I know that now as an older guy, HS sports aren't life and death, but we've all been there when that was the most important thing we had going for us. As long as kids aren't being coerced by adults, I'm fine with whatever they pick.

I just read schools accepting a transfer should be kept out of the playoffs, c'mon that's not the answer either.
I don't think it is a bad thing. This is the USA - land of the free. If you want your kid to go to school over there, then take him over there - and I don't really care what your reasons are.

Part of the problem I had with the OHSAA rules on transfers was they created a situation where people had to hide athletically motivated transfers by fitting them into the loopholes. The most common was to move into the district - but you had people renting apartments, getting their mail there, and living there Monday-Friday, but spending their weekends at their home in the other district. The OHSAA would look at these situations and make a judgment about the legitimacy of the transfer based on whether they believed the applicants. It was basically a mind-reading exercise - and all of that really bothered me because it was subjective and designed to be a little sleazy. To boot, you had kids from intact homes who were seeking transfer at a significant disadvantage compared to kids from broken homes due to the fact that divorced/separated parents can maintain two households - so it made the move in much easier to make kosher.

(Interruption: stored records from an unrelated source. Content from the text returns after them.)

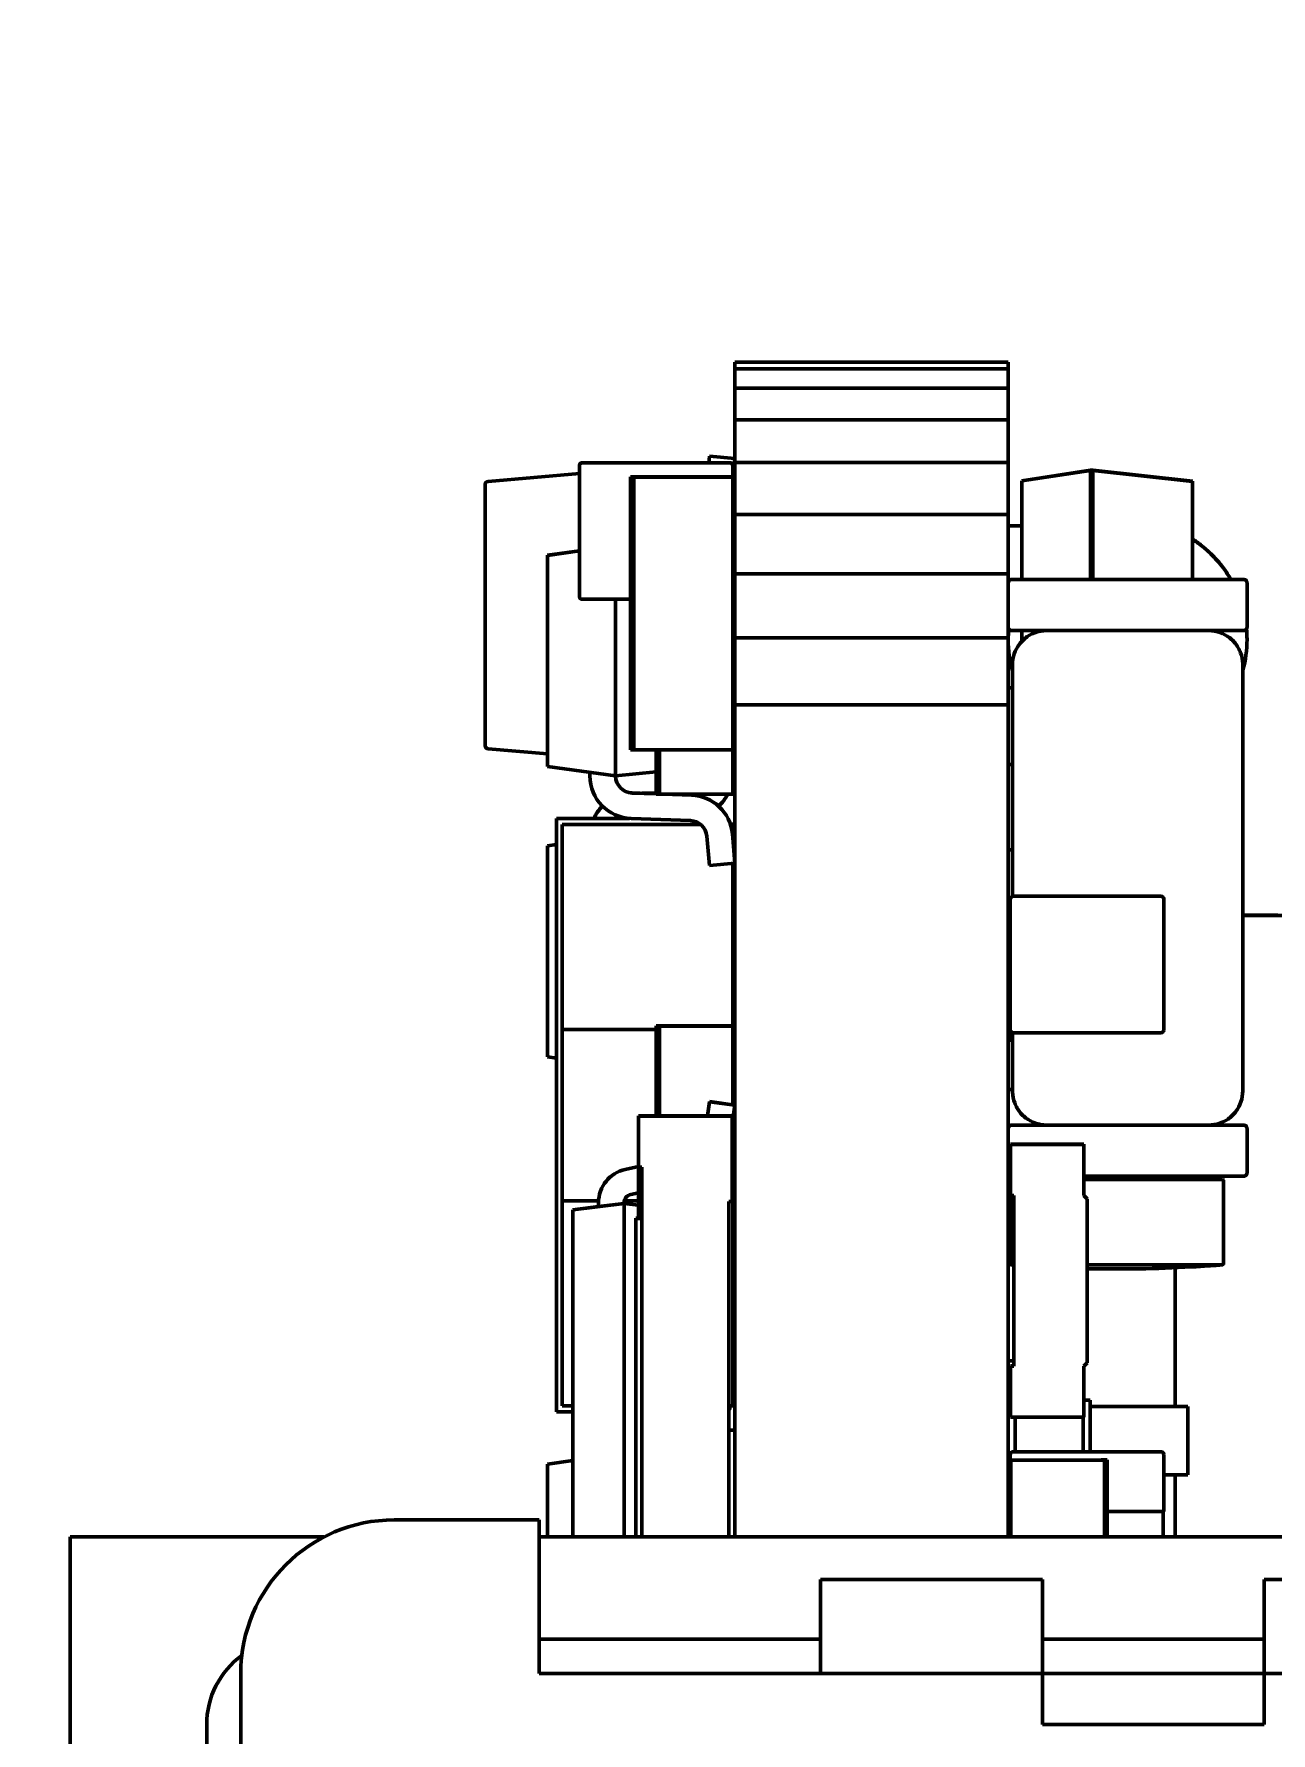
# Model space of a CAD drawing. Header units: millimetres. Extents: x 3100 to 5091, y 868 to 1900.
# Drawn here: x 3464.83 to 3472.08, y 1677.19 to 1687.15 of the extents above; entities that cross this region are included whole.
import ezdxf

# ---------------------------------------------------------------- set-up
doc = ezdxf.new("R2010")
doc.units = ezdxf.units.MM
doc.header["$LTSCALE"] = 1.8
doc.layers.add('외형선(ISO)', color=7, linetype='Continuous', lineweight=50)
doc.layers.add('치수(ISO)', color=7, linetype='Continuous', lineweight=25)
doc.styles.add('레이블 문자 (JIS)', font='')
doc.styles.get('레이블 문자 (JIS)').set_extended_font_data('Gulim')
doc.dimstyles.new('복사 대상기본값 (JIS)', dxfattribs={"dimscale": 1.5, "dimtxt": 3, "dimasz": 2, "dimexe": 1, "dimexo": 0.5, "dimgap": 0.8, "dimtad": 1, "dimdsep": 46, "dimtxsty": '레이블 문자 (JIS)', "dimblk": 'Filled-1', "dimcen": 0.09, "dimdle": 10, "dimclrd": 256, "dimclre": 256, "dimclrt": 256, "dimazin": 2, "dimtfac": 0.666667, "dimtmove": 0, "dimatfit": 3, "dimldrblk": 'OPEN', "dimfxl": 1, "dimtolj": 1, "dimtzin": 0, "dimlwd": -1, "dimlwe": -1, "dimarcsym": 0})

# ---------------------------------------------------------------- blocks, each defined once
blk = doc.blocks.new('Filled-1')
at = {"color": 0}
for p, q in [((0, 0), (-1, 0.1)), ((-1, 0.1), (-1, -0.1)), ((-1, 0), (0, 0)), ((-1, -0.1), (0, 0))]:
    blk.add_line(p, q, dxfattribs=at)
at = {"color": 0, "flags": 128}
blk.add_lwpolyline([(-1, -0.1), (0, 0), (-1, 0.1), (-1, -0.1)], dxfattribs=at)
at = {"color": 0}
blk.add_solid([(-1, -0.1), (0, 0), (-1, 0.1), (-1, -0.1)], dxfattribs=at)
blk = doc.blocks.new('*D693')
at = {"layer": 'Defpoints', "color": 0}
for p in [(3578.1401, 1717.1581), (3259.1401, 1689.0264), (3578.1401, 1681.0264)]:
    blk.add_point(p, dxfattribs=at)
at = {"layer": '치수(ISO)'}
for p, q in [((3259.1401, 1689.7764), (3259.1401, 1718.6581)), ((3578.1401, 1681.7764), (3578.1401, 1718.6581)), ((3262.1401, 1717.1581), (3575.1401, 1717.1581))]:
    blk.add_line(p, q, dxfattribs=at)
at = {"layer": '치수(ISO)', "linetype": 'ByBlock', "xscale": 3, "yscale": 3, "zscale": 3, "rotation": 180}
blk.add_blockref('Filled-1', (3259.1401, 1717.1581), dxfattribs=at)
at = {"layer": '치수(ISO)', "linetype": 'ByBlock', "xscale": 3, "yscale": 3, "zscale": 3}
blk.add_blockref('Filled-1', (3578.1401, 1717.1581), dxfattribs=at)
at = {"layer": '치수(ISO)', "insert": (3418.6601, 1727.8678), "char_height": 15, "attachment_point": 5, "style": '레이블 문자 (JIS)'}
blk.add_mtext('\\A1;319', dxfattribs=at)
blk = doc.blocks.new('_Open')
at = {"color": 0, "linetype": 'ByBlock', "lineweight": -2}
for p, q in [((-1, 0.1667), (0, 0)), ((-1, -0.1667), (0, 0)), ((0, 0), (-1, 0))]:
    blk.add_line(p, q, dxfattribs=at)

msp = doc.modelspace()

# ---------------------------------------------------------------- linework, layer by layer
at = {"layer": '외형선(ISO)'}
for p, q in [((3470.5401, 1685.2264), (3468.9375, 1685.2264)), ((3468.9375, 1685.1877), (3468.9375, 1685.2264)), ((3470.5401, 1685.1877), (3468.9375, 1685.1877)), ((3468.9375, 1685.0733), (3468.9375, 1685.1877)), ((3470.5401, 1685.1877), (3470.5401, 1685.2264)), ((3470.5401, 1685.0733), (3470.5401, 1685.1877)), ((3470.5401, 1685.0733), (3468.9375, 1685.0733)), ((3468.9375, 1684.8875), (3468.9375, 1685.0733)), ((3470.5401, 1684.8875), (3470.5401, 1685.0733)), ((3470.5401, 1684.8875), (3468.9375, 1684.8875)), ((3468.9375, 1684.6375), (3468.9375, 1684.8875)), ((3470.5401, 1684.6375), (3470.5401, 1684.8875)), ((3468.7847, 1684.636), (3468.788, 1684.6741)), ((3468.788, 1684.6744), (3468.9375, 1684.6613)), ((3468.788, 1684.6744), (3468.9375, 1684.6614)), ((3468.788, 1684.6744), (3468.788, 1684.6744)), ((3468.788, 1684.6743), (3468.788, 1684.6744)), ((3468.788, 1684.6743), (3468.9375, 1684.6612)), ((3468.788, 1684.6743), (3468.9375, 1684.6613)), ((3468.788, 1684.6743), (3468.788, 1684.6743)), ((3468.788, 1684.6742), (3468.788, 1684.6743)), ((3468.788, 1684.6742), (3468.9375, 1684.6611)), ((3468.788, 1684.6742), (3468.788, 1684.6741)), ((3468.788, 1684.6741), (3468.9375, 1684.6611)), ((3468.9375, 1684.6611), (3468.9253, 1684.5217)), ((3468.9375, 1684.6613), (3468.9375, 1684.6613)), ((3468.9375, 1684.6612), (3468.9375, 1684.6611)), ((3468.0253, 1684.5738), (3467.4905, 1684.527)), ((3468.0253, 1684.6199), (3468.0253, 1684.6197)), ((3468.0253, 1683.8517), (3468.0253, 1684.6197)), ((3468.0413, 1684.636), (3468.9093, 1684.636)), ((3468.0413, 1684.6359), (3468.0413, 1684.636)), ((3468.9093, 1684.6359), (3468.0413, 1684.6359)), ((3468.0413, 1684.6357), (3468.9093, 1684.6357)), ((3468.0413, 1684.6357), (3468.0413, 1684.6357)), ((3468.3252, 1684.5528), (3468.3448, 1684.5528)), ((3468.3252, 1684.5524), (3468.3252, 1684.5528)), ((3468.3448, 1684.5524), (3468.3252, 1684.5524)), ((3468.3252, 1684.5524), (3468.3252, 1682.9524)), ((3468.9252, 1684.5529), (3468.3448, 1684.5529)), ((3468.3448, 1684.5529), (3468.3448, 1684.5528)), ((3468.3448, 1684.5523), (3468.3448, 1684.5524)), ((3468.9252, 1684.5523), (3468.3448, 1684.5523)), ((3468.3448, 1682.9523), (3468.3448, 1684.5523)), ((3468.9252, 1684.5528), (3468.9056, 1684.5528)), ((3468.9056, 1684.5528), (3468.9056, 1684.5524)), ((3468.9252, 1684.5524), (3468.9056, 1684.5524)), ((3468.9093, 1684.636), (3468.9093, 1684.6359)), ((3468.9093, 1684.6357), (3468.9093, 1684.6357)), ((3468.9252, 1684.5528), (3468.9252, 1684.5529)), ((3468.9252, 1684.5528), (3468.9252, 1684.5524)), ((3468.9252, 1684.5523), (3468.9252, 1684.5524)), ((3468.9252, 1682.9523), (3468.9252, 1684.5523)), ((3468.9253, 1684.6197), (3468.9253, 1684.6199)), ((3468.9253, 1684.6197), (3468.9253, 1683.8517)), ((3470.5401, 1684.6375), (3468.9375, 1684.6375)), ((3468.9375, 1684.3329), (3468.9375, 1684.6375)), ((3470.5401, 1684.3329), (3470.5401, 1684.6375)), ((3470.6201, 1684.5295), (3471.023, 1684.5916)), ((3471.023, 1684.5913), (3470.6201, 1684.5293)), ((3471.0362, 1684.5916), (3471.023, 1684.5916)), ((3471.023, 1684.5913), (3471.023, 1684.5916)), ((3471.023, 1683.9518), (3471.023, 1684.5913)), ((3471.023, 1684.5913), (3471.0362, 1684.5913)), ((3471.0362, 1684.5913), (3471.0362, 1684.5916)), ((3471.0362, 1684.5916), (3471.6201, 1684.5272)), ((3471.0362, 1683.9518), (3471.0362, 1684.5913)), ((3471.6201, 1684.527), (3471.0362, 1684.5913)), ((3467.4722, 1684.5067), (3467.4722, 1684.5071)), ((3467.4722, 1684.5066), (3467.4722, 1684.5067)), ((3467.4722, 1682.9789), (3467.4722, 1684.5066)), ((3470.6201, 1684.5293), (3470.6201, 1684.5295)), ((3470.6201, 1683.9517), (3470.6201, 1684.5293)), ((3471.6201, 1684.5272), (3471.6201, 1684.527)), ((3471.6201, 1684.527), (3471.6201, 1683.9518)), ((3470.5401, 1684.3329), (3468.9375, 1684.3329)), ((3468.9375, 1683.9854), (3468.9375, 1684.3329)), ((3470.5401, 1683.9854), (3470.5401, 1684.3329)), ((3470.6201, 1684.2667), (3470.5401, 1684.2667)), ((3467.8375, 1684.0933), (3468.0253, 1684.1197)), ((3468.0253, 1684.1193), (3467.8375, 1684.0929)), ((3467.8375, 1684.0929), (3467.8375, 1684.0933)), ((3467.8375, 1682.8553), (3467.8375, 1684.0929)), ((3470.5401, 1683.9854), (3468.9375, 1683.9854)), ((3468.9375, 1683.6084), (3468.9375, 1683.9854)), ((3470.5401, 1683.6084), (3470.5401, 1683.9854)), ((3471.9401, 1683.9317), (3471.9401, 1683.6717)), ((3468.3252, 1683.8357), (3468.0413, 1683.8357)), ((3468.2375, 1683.8357), (3468.2375, 1682.7991)), ((3470.5401, 1683.6084), (3468.9375, 1683.6084)), ((3468.9375, 1683.2163), (3468.9375, 1683.6084)), ((3470.5401, 1683.2163), (3470.5401, 1683.6084)), ((3470.6201, 1683.5894), (3470.6201, 1683.6516)), ((3471.9401, 1683.6005), (3471.9401, 1683.6004)), ((3471.9401, 1683.5998), (3471.9401, 1683.5998)), ((3470.5651, 1683.4517), (3470.5651, 1683.2517)), ((3471.9151, 1683.4517), (3471.9151, 1683.2517)), ((3470.5401, 1683.3162), (3470.5651, 1683.3162)), ((3470.5401, 1683.2163), (3468.9375, 1683.2163)), ((3468.9375, 1678.3364), (3468.9375, 1683.2163)), ((3470.5401, 1678.3364), (3470.5401, 1683.2163)), ((3470.5646, 1683.2517), (3470.5646, 1682.7517)), ((3471.9156, 1683.2517), (3471.9156, 1682.7517)), ((3467.8375, 1682.9286), (3467.4905, 1682.9589)), ((3468.9252, 1682.9584), (3468.9375, 1682.9573)), ((3468.9252, 1682.9584), (3468.9375, 1682.9574)), ((3468.9252, 1682.9583), (3468.9375, 1682.9572)), ((3468.9252, 1682.9583), (3468.9375, 1682.9572)), ((3468.9252, 1682.9582), (3468.9375, 1682.9571)), ((3468.9252, 1682.9581), (3468.9375, 1682.9571)), ((3468.9375, 1682.9571), (3468.9252, 1682.8168)), ((3468.9375, 1682.9573), (3468.9375, 1682.9572)), ((3468.9375, 1682.9572), (3468.9375, 1682.9571)), ((3468.2375, 1682.7991), (3467.8375, 1682.8553)), ((3468.3448, 1682.9524), (3468.3252, 1682.9524)), ((3468.9252, 1682.9523), (3468.3448, 1682.9523)), ((3468.4752, 1682.6929), (3468.4752, 1682.9523)), ((3468.4948, 1682.6928), (3468.4948, 1682.9523)), ((3468.9252, 1682.6928), (3468.9252, 1682.9523)), ((3470.5401, 1682.8662), (3470.5646, 1682.8662)), ((3468.0875, 1682.7991), (3468.0875, 1682.8202)), ((3468.2375, 1682.7991), (3468.4752, 1682.8241)), ((3468.334, 1682.6995), (3468.4752, 1682.6945)), ((3468.334, 1682.6995), (3468.4752, 1682.6946)), ((3468.334, 1682.6994), (3468.4752, 1682.6945)), ((3468.334, 1682.6993), (3468.4752, 1682.6943)), ((3468.334, 1682.6993), (3468.4752, 1682.6944)), ((3468.334, 1682.6992), (3468.4752, 1682.6943)), ((3468.3918, 1682.6975), (3468.4752, 1682.7004)), ((3468.3926, 1682.6975), (3468.4752, 1682.7003)), ((3468.3936, 1682.6974), (3468.4752, 1682.7003)), ((3468.3944, 1682.6974), (3468.4752, 1682.7002)), ((3468.3953, 1682.6974), (3468.4752, 1682.7002)), ((3468.3961, 1682.6973), (3468.4752, 1682.7001)), ((3468.4752, 1682.6929), (3468.4948, 1682.6929)), ((3468.9252, 1682.6928), (3468.4948, 1682.6928)), ((3468.5165, 1682.6928), (3468.6821, 1682.687)), ((3468.5181, 1682.6928), (3468.6821, 1682.6871)), ((3468.52, 1682.6928), (3468.6821, 1682.6872)), ((3468.5216, 1682.6928), (3468.6821, 1682.6872)), ((3468.5235, 1682.6928), (3468.6821, 1682.6873)), ((3468.5252, 1682.6928), (3468.6821, 1682.6874)), ((3470.5651, 1682.0932), (3470.5651, 1682.7517)), ((3471.9151, 1680.9517), (3471.9151, 1682.7517)), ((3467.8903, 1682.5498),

I'd rather everything be open and transparent. If you have a 6'10" athletic kid who wants to go to City HS because he can get great coaching, win a state title, and play with some of his AAU friends, then you should be able to transfer him without restriction. The OHSAA was trying to regulate the wrong thing IMO. They were focused on the reasons for the transfer when they should have been focused on regulating recruiting.

But you can even get out of regulating any of it, IF teams are slotted for division assignment based on their TALENT (if significantly affected by transfers), not their enrollment. Then it doesn't matter who transfers where or who is recruiting. VASJ gets 5 of the best AAU players in Cle to enroll, they get put into D1, and all is well. But competitive imbalance is caused when they are playing with that talent level in the lower divisions.

But yeah, whoever suggested the "transfers = no post-season" idea isn't quite hinged. Some people will look at a problem and think the solution is more regulation, but often, the simplest thing is to address the problem with more freedom.